Collection entries
================================

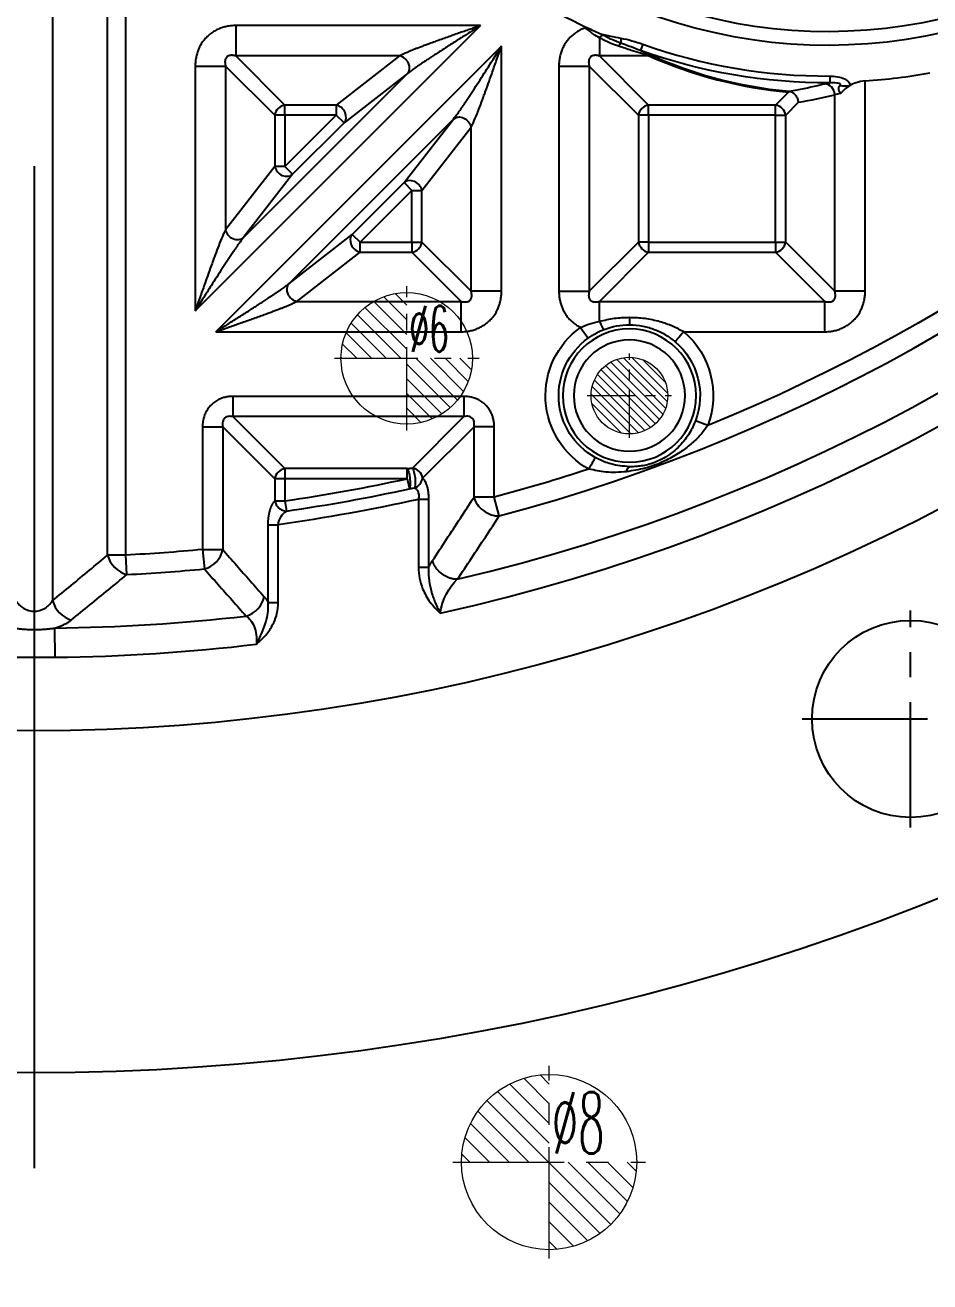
# Model space of a CAD drawing. Header units: millimetres. Extents: x 2595 to 3308, y 1499 to 1823.
# Drawn here: x 2754.6 to 2795.9, y 1552.7 to 1610.1 of the extents above; entities that cross this region are included whole.
import ezdxf
from ezdxf.enums import TextEntityAlignment as Align
from ezdxf.lldxf.tags import DXFTag

# ---------------------------------------------------------------- set-up
doc = ezdxf.new("R2010")
doc.units = ezdxf.units.MM
doc.linetypes.add('CENTER', pattern=[2, 1.25, -0.25, 0.25, -0.25])
doc.layers.add('5', color=7, linetype='Continuous', true_color=0xffffff)
doc.layers.add('epin', color=13, linetype='Continuous', lineweight=9)
doc.layers.add('insert', color=85, linetype='Continuous', lineweight=20)
doc.styles.add('TXT05', font='txt.shx', dxfattribs={"width": 0.5, "bigfont": 'gbcbig.shx'})
tags = doc.linetypes.add('DASHED', pattern=[25.72, 12.86, -12.86]).pattern_tags.tags
tags[6:7] = [DXFTag(74, 4), DXFTag(75, 0), DXFTag(340, '0'), DXFTag(46, 0.0), DXFTag(50, 0.0), DXFTag(44, 0.0), DXFTag(45, 0.0)]
tags[4:5] = [DXFTag(74, 4), DXFTag(75, 0), DXFTag(340, '0'), DXFTag(46, 0.0), DXFTag(50, 0.0), DXFTag(44, 0.0), DXFTag(45, 0.0)]

# ---------------------------------------------------------------- blocks, each defined once
blk = doc.blocks.new('epin_ejp_8')
at = {"layer": 'epin'}
h = blk.add_hatch(dxfattribs=at)
h.set_pattern_fill('_ANSI31', color=123, scale=0.2, angle=90, style=0)
h.set_pattern_definition([(135, (-1273.52655, 1170.3432), (-0.4490128, -0.4490128), [])])
h.paths.add_polyline_path([(0, 4, 0.414214), (-4, 0), (0, 0)])
h.paths.add_polyline_path([(4, 0), (0, 0), (0, -4, 0.414214)])
at = {"layer": 'epin', "color": 1, "linetype": 'CENTER', "ltscale": 4.064}
for p, q in [((0, -4.4), (0, 4.4)), ((-4.4, 0), (4.4, 0))]:
    blk.add_line(p, q, dxfattribs=at)
at = {"layer": 'epin'}
blk.add_circle((0, 0), 4, dxfattribs=at)
at = {"layer": 'epin', "color": 6, "style": 'TXT05', "width": 0.5}
blk.add_text('%%c8', height=2.8, dxfattribs=at).set_placement((1.327, 1.8), align=Align.MIDDLE)
blk = doc.blocks.new('epin_ejp_6')
at = {"layer": 'epin'}
h = blk.add_hatch(dxfattribs=at)
h.set_pattern_fill('_ANSI31', color=123, scale=0.15, angle=90, style=0)
h.set_pattern_definition([(135, (-2656.51364, 153.2396), (-0.336759605, -0.336759605), [])])
h.paths.add_polyline_path([(0, 3, 0.414214), (-3, 0), (0, 0)])
h.paths.add_polyline_path([(3, 0), (0, 0), (0, -3, 0.414214)])
at = {"layer": 'epin', "color": 1, "linetype": 'CENTER', "ltscale": 3.048}
for p, q in [((0, -3.3), (0, 3.3)), ((-3.3, 0), (3.3, 0))]:
    blk.add_line(p, q, dxfattribs=at)
at = {"layer": 'epin'}
blk.add_circle((0, 0), 3, dxfattribs=at)
at = {"layer": 'epin', "color": 6, "style": 'TXT05', "width": 0.5}
blk.add_text('%%c6', height=2.1, dxfattribs=at).set_placement((0.12, 0.3))
blk = doc.blocks.new('insert_cir_3.5')
at = {"layer": 'insert'}
h = blk.add_hatch(dxfattribs=at)
h.set_pattern_fill('_ANSI31', color=123, scale=0.0875, angle=90, style=0)
h.set_pattern_definition([(135, (65.77148, -1049.4987), (-0.1964431, -0.1964431), [])])
h.paths.add_polyline_path([(-1.75, 0, 1), (1.75, 0, 1)])
at = {"layer": 'insert', "color": 1, "linetype": 'CENTER', "ltscale": 1.778}
for p, q in [((0, -1.925), (0, 1.925)), ((-1.925, 0), (1.925, 0))]:
    blk.add_line(p, q, dxfattribs=at)
at = {"layer": 'insert'}
blk.add_circle((0, 0), 1.75, dxfattribs=at)

msp = doc.modelspace()

# ---------------------------------------------------------------- linework, layer by layer
at = {"layer": '5', "color": 1, "linetype": 'CENTER', "ltscale": 36.600181}
msp.add_line((2754.999, 1823.259), (2754.999, 1503.259), dxfattribs=at)
at = {"layer": '5', "color": 7, "linetype": 'Continuous'}
for p, q in [((2759.177, 1585.901), (2759.177, 1663.046)), ((2758.342, 1585.901), (2758.342, 1623.668)), ((2755.835, 1621.397), (2755.835, 1583.826)), ((2762.346, 1597.059), (2775.367, 1610.08)), ((2775.367, 1610.08), (2764.194, 1610.08)), ((2764.194, 1610.08), (2764.194, 1608.693)), ((2776.324, 1609.14), (2763.286, 1596.101)), ((2776.324, 1597.95), (2776.324, 1609.14)), ((2780.793, 1609.525), (2780.793, 1608.693)), ((2782.775, 1609.226), (2782.672, 1608.936)), ((2766.438, 1606.45), (2764.194, 1608.693)), ((2771.673, 1608.693), (2764.194, 1608.693)), ((2771.673, 1608.693), (2768.783, 1606.45)), ((2783.055, 1608.693), (2780.793, 1608.693)), ((2783.037, 1606.45), (2780.793, 1608.693)), ((2762.346, 1608.231), (2763.732, 1608.231)), ((2762.346, 1608.231), (2762.346, 1597.059)), ((2763.732, 1608.231), (2763.732, 1600.753)), ((2765.975, 1605.988), (2763.732, 1608.231)), ((2764.538, 1600.385), (2772.04, 1607.887)), ((2772.04, 1607.887), (2769.138, 1605.634)), ((2778.945, 1608.231), (2780.331, 1608.231)), ((2778.945, 1608.231), (2778.945, 1597.95)), ((2782.574, 1605.988), (2780.331, 1608.231)), ((2780.331, 1608.231), (2780.331, 1597.95)), ((2791.305, 1607.773), (2791.306, 1607.465)), ((2792.923, 1597.95), (2792.923, 1607.557)), ((2788.831, 1606.45), (2789.422, 1607.041)), ((2791.537, 1597.95), (2791.537, 1606.923)), ((2768.783, 1606.45), (2766.438, 1606.45)), ((2766.438, 1605.988), (2766.438, 1606.45)), ((2768.783, 1606.45), (2768.783, 1605.988)), ((2788.831, 1606.45), (2783.037, 1606.45)), ((2783.037, 1605.988), (2783.037, 1606.45)), ((2788.831, 1605.988), (2788.831, 1606.45)), ((2789.294, 1605.988), (2789.885, 1606.579)), ((2766.438, 1605.988), (2765.975, 1605.988)), ((2765.975, 1605.988), (2765.975, 1603.642)), ((2768.783, 1605.988), (2766.438, 1605.988)), ((2768.783, 1605.988), (2766.438, 1603.642)), ((2766.438, 1605.988), (2766.438, 1603.642)), ((2774.132, 1605.813), (2766.612, 1598.294)), ((2769.138, 1605.634), (2766.792, 1603.288)), ((2769.138, 1605.634), (2768.783, 1605.988)), ((2771.878, 1602.911), (2774.132, 1605.813)), ((2782.574, 1605.988), (2782.574, 1600.193)), ((2783.037, 1605.988), (2782.574, 1605.988)), ((2788.831, 1605.988), (2783.037, 1605.988)), ((2783.037, 1605.988), (2783.037, 1600.193)), ((2788.831, 1605.988), (2789.294, 1605.988)), ((2788.831, 1600.193), (2788.831, 1605.988)), ((2789.294, 1600.193), (2789.294, 1605.988)), ((2772.695, 1602.556), (2774.938, 1605.446)), ((2774.938, 1597.95), (2774.938, 1605.446)), ((2765.975, 1603.642), (2763.732, 1600.753)), ((2766.792, 1603.288), (2764.538, 1600.385)), ((2766.438, 1603.642), (2765.975, 1603.642)), ((2766.792, 1603.288), (2766.438, 1603.642)), ((2769.515, 1600.547), (2771.878, 1602.911)), ((2771.878, 1602.911), (2772.232, 1602.556)), ((2769.869, 1600.193), (2772.232, 1602.556)), ((2772.232, 1600.193), (2772.232, 1602.556)), ((2772.232, 1602.556), (2772.695, 1602.556)), ((2772.695, 1600.193), (2772.695, 1602.556)), ((2766.612, 1598.294), (2769.515, 1600.547)), ((2769.515, 1600.547), (2769.869, 1600.193)), ((2769.869, 1600.193), (2772.232, 1600.193)), ((2769.869, 1599.731), (2769.869, 1600.193)), ((2772.232, 1600.193), (2772.695, 1600.193)), ((2772.232, 1600.193), (2772.232, 1599.731)), ((2772.695, 1600.193), (2774.938, 1597.95)), ((2782.574, 1600.193), (2780.331, 1597.95)), ((2783.037, 1600.193), (2782.574, 1600.193)), ((2783.037, 1600.193), (2783.037, 1599.731)), ((2783.037, 1600.193), (2788.831, 1600.193)), ((2788.831, 1600.193), (2789.294, 1600.193)), ((2788.831, 1600.193), (2788.831, 1599.731)), ((2789.294, 1600.193), (2791.537, 1597.95)), ((2766.98, 1597.488), (2769.869, 1599.731)), ((2769.869, 1599.731), (2772.232, 1599.731)), ((2772.232, 1599.731), (2774.476, 1597.488)), ((2783.037, 1599.731), (2780.793, 1597.488)), ((2783.037, 1599.731), (2788.831, 1599.731)), ((2788.831, 1599.731), (2791.075, 1597.488)), ((2776.324, 1597.95), (2774.938, 1597.95)), ((2778.945, 1597.95), (2780.331, 1597.95)), ((2792.923, 1597.95), (2791.537, 1597.95)), ((2766.98, 1597.488), (2774.476, 1597.488)), ((2774.476, 1596.101), (2774.476, 1597.488)), ((2780.793, 1597.488), (2791.075, 1597.488)), ((2780.793, 1596.576), (2780.793, 1597.488)), ((2791.075, 1596.101), (2791.075, 1597.488)), ((2763.286, 1596.101), (2774.476, 1596.101)), ((2779.931, 1596.296), (2780.283, 1595.806)), ((2784.641, 1596.101), (2791.075, 1596.101)), ((2774.607, 1593.149), (2764.063, 1593.149)), ((2764.063, 1593.149), (2764.063, 1592.225)), ((2774.607, 1593.149), (2774.607, 1592.225)), ((2762.677, 1591.763), (2762.677, 1586.156)), ((2762.677, 1591.763), (2763.601, 1591.763)), ((2763.601, 1591.763), (2765.975, 1589.389)), ((2763.601, 1591.763), (2763.601, 1586.156)), ((2764.063, 1592.225), (2766.438, 1589.851)), ((2774.607, 1592.225), (2764.063, 1592.225)), ((2772.259, 1589.877), (2774.607, 1592.225)), ((2772.721, 1589.415), (2775.069, 1591.763)), ((2775.069, 1588.546), (2775.069, 1591.763)), ((2775.993, 1591.763), (2775.069, 1591.763)), ((2775.993, 1588.546), (2775.993, 1591.763)), ((2785.739, 1591.818), (2785.176, 1592.033)), ((2766.438, 1589.851), (2766.438, 1589.389)), ((2772.02, 1589.851), (2766.438, 1589.851)), ((2772.02, 1589.389), (2772.02, 1589.851)), ((2766.438, 1589.389), (2765.975, 1589.389)), ((2765.975, 1589.389), (2765.975, 1588.375)), ((2766.438, 1589.389), (2766.438, 1588.375)), ((2772.02, 1589.389), (2766.438, 1589.389)), ((2772.02, 1589.389), (2772.12, 1588.931)), ((2765.975, 1588.375), (2766.438, 1588.375)), ((2766.438, 1588.375), (2766.505, 1587.911)), ((2772.997, 1588.447), (2772.535, 1588.447)), ((2772.535, 1588.447), (2772.535, 1585.33)), ((2775.993, 1588.546), (2775.069, 1588.546)), ((2776.222, 1587.688), (2775.993, 1588.546)), ((2766.135, 1583.74), (2766.135, 1587.291)), ((2762.677, 1586.156), (2762.761, 1585.272)), ((2762.677, 1586.156), (2763.601, 1586.156)), ((2759.177, 1585.901), (2758.342, 1585.901)), ((2759.222, 1585.014), (2759.177, 1585.901)), ((2755.928, 1582.571), (2755.942, 1581.239))]:
    msp.add_line(p, q, dxfattribs=at)
at = {"layer": '5', "color": 1, "linetype": 'CENTER', "ltscale": 4.572}
for p, q in [((2794.998, 1573.471), (2794.998, 1583.371)), ((2790.048, 1578.421), (2799.948, 1578.421))]:
    msp.add_line(p, q, dxfattribs=at)
at = {"layer": '5', "color": 7, "linetype": 'Continuous', "extrusion": (0, 0, -1)}
for radius in [3.043, 2.541]:
    msp.add_circle((-2782.161, 1593.184), radius, dxfattribs=at)
at = {"layer": '5', "color": 7, "linetype": 'Continuous'}
msp.add_circle((2794.998, 1578.421), 4.5, dxfattribs=at)
for centre, radius, start, end in [((2754.999, 1673.259), 100.6, 305.96599, 77.45703), ((2754.999, 1673.259), 100.123, 314.0269, 77.45703), ((2754.999, 1673.259), 99.119, 314.03149, 77.76073), ((2754.999, 1667.223), 85.99, 282.44405, 347.55591), ((2754.999, 1667.223), 84.657, 283.18176, 346.81818), ((2754.999, 1667.223), 82.318, 284.94026, 345.05974), ((2791.215, 1633.019), 23.828, 155, 0), ((2791.215, 1633.019), 23.204, 155, 0), ((2791.215, 1633.019), 25.522, 231.83482, 244.45532), ((2791.215, 1633.019), 25.515, 244.45532, 246.15608), ((2791.215, 1633.019), 25.246, 250.4673, 270.2031), ((2791.215, 1633.019), 25.522, 273.83677, 280.51935), ((2754.999, 1667.223), 79.673, 278.25401, 282.33487), ((2754.999, 1667.223), 80.142, 278.25401, 282.33487), ((2754.999, 1667.223), 82.318, 272.94061, 275.41014), ((2754.999, 1667.223), 84.657, 270.62819, 276.55867), ((2754.999, 1667.223), 85.99, 270.62819, 276.77343), ((2754.999, 1673.259), 110.98, 238.79815, 301.20185)]:
    msp.add_arc(centre, radius, start, end, dxfattribs=at)
at = {"layer": '5', "color": 7, "linetype": 'DASHED'}
for radius, start in [(100.625, 313.7537), (100.626, 313.76319)]:
    msp.add_arc((2754.999, 1673.259), radius, start, 77.45703, dxfattribs=at)
at = {"layer": '5', "color": 7, "linetype": 'Continuous', "extrusion": (0, 0, -1)}
for centre, radius, start, end in [((-2754.999, 1673.259), 99.621, 102.23927, 225.978), ((-2754.999, 1673.259), 99.091, 102.25479, 225.95274), ((-2754.999, 1667.223), 81.429, 194.94026, 247.82133), ((-2791.215, 1633.019), 25.554, 269.7969, 289.5327), ((-2782.161, 1593.184), 3.829, 298.81945, 54.37924), ((-2782.161, 1593.184), 3.226, 298.81943, 54.37908), ((-2782.161, 1593.184), 3.829, 130.36172, 200.88852), ((-2782.161, 1593.184), 3.226, 130.36172, 200.88853), ((-2754.999, 1667.223), 89.341, 235.50132, 304.49868), ((-2754.999, 1667.223), 81.429, 251.88663, 255.05974), ((-2754.999, 1667.223), 80.704, 257.45056, 262.06909), ((-2754.999, 1667.223), 81.429, 264.58986, 267.05939)]:
    msp.add_arc(centre, radius, start, end, dxfattribs=at)
at = {"layer": '5', "color": 7, "linetype": 'Continuous'}
for centre, major_axis, ratio, start_param, end_param in [((2780.793, 1609.34), (-0.308, -0.398), 0.235079, 3.967769, 4.417241), ((2781.667, 1608.82), (-0.2, -0.461), 0.30466, 3.583449, 4.100327), ((2782.029, 1610.149), (-0.182, -0.989), 0.184956, 5.452922, 5.855858), ((2783.055, 1608.231), (-0.204, -0.46), 0.686211, 3.285793, 3.71528), ((2791.215, 1628.269), (0, -21.308), 0.969623, 5.877131, 6.196293), ((2791.075, 1606.923), (0.117, -0.489), 0.914703, 1.35538, 2.879965), ((2792.227, 1608.045), (0.951, 0.328), 0.67257, 4.005416, 4.513018), ((2784.897, 1633.019), (27.721, 0), 0.969623, 4.893299, 4.954269), ((2766.438, 1605.988), (0.356, 0.356), 0.854588, 0.863645, 2.277948), ((2768.783, 1605.988), (0.308, -0.397), 0.818985, 0.152478, 2.382862), ((2783.037, 1605.988), (0.356, 0.356), 0.854588, 0.863645, 2.277948), ((2788.831, 1605.988), (0.356, -0.356), 0.854588, 0.863645, 2.277948), ((2766.438, 1603.642), (0.397, -0.308), 0.818985, 3.900323, 6.130707), ((2772.232, 1602.556), (-0.397, 0.308), 0.818985, 3.900323, 6.130707), ((2769.869, 1600.193), (-0.308, 0.397), 0.818985, 0.152478, 2.382862), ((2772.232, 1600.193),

================================

● Action item
Show every line in the entries where the string "DXFTag" occurs.

● Response for this exercise
from ezdxf.lldxf.tags import DXFTag
tags[6:7] = [DXFTag(74, 4), DXFTag(75, 0), DXFTag(340, '0'), DXFTag(46, 0.0), DXFTag(50, 0.0), DXFTag(44, 0.0), DXFTag(45, 0.0)]
tags[4:5] = [DXFTag(74, 4), DXFTag(75, 0), DXFTag(340, '0'), DXFTag(46, 0.0), DXFTag(50, 0.0), DXFTag(44, 0.0), DXFTag(45, 0.0)]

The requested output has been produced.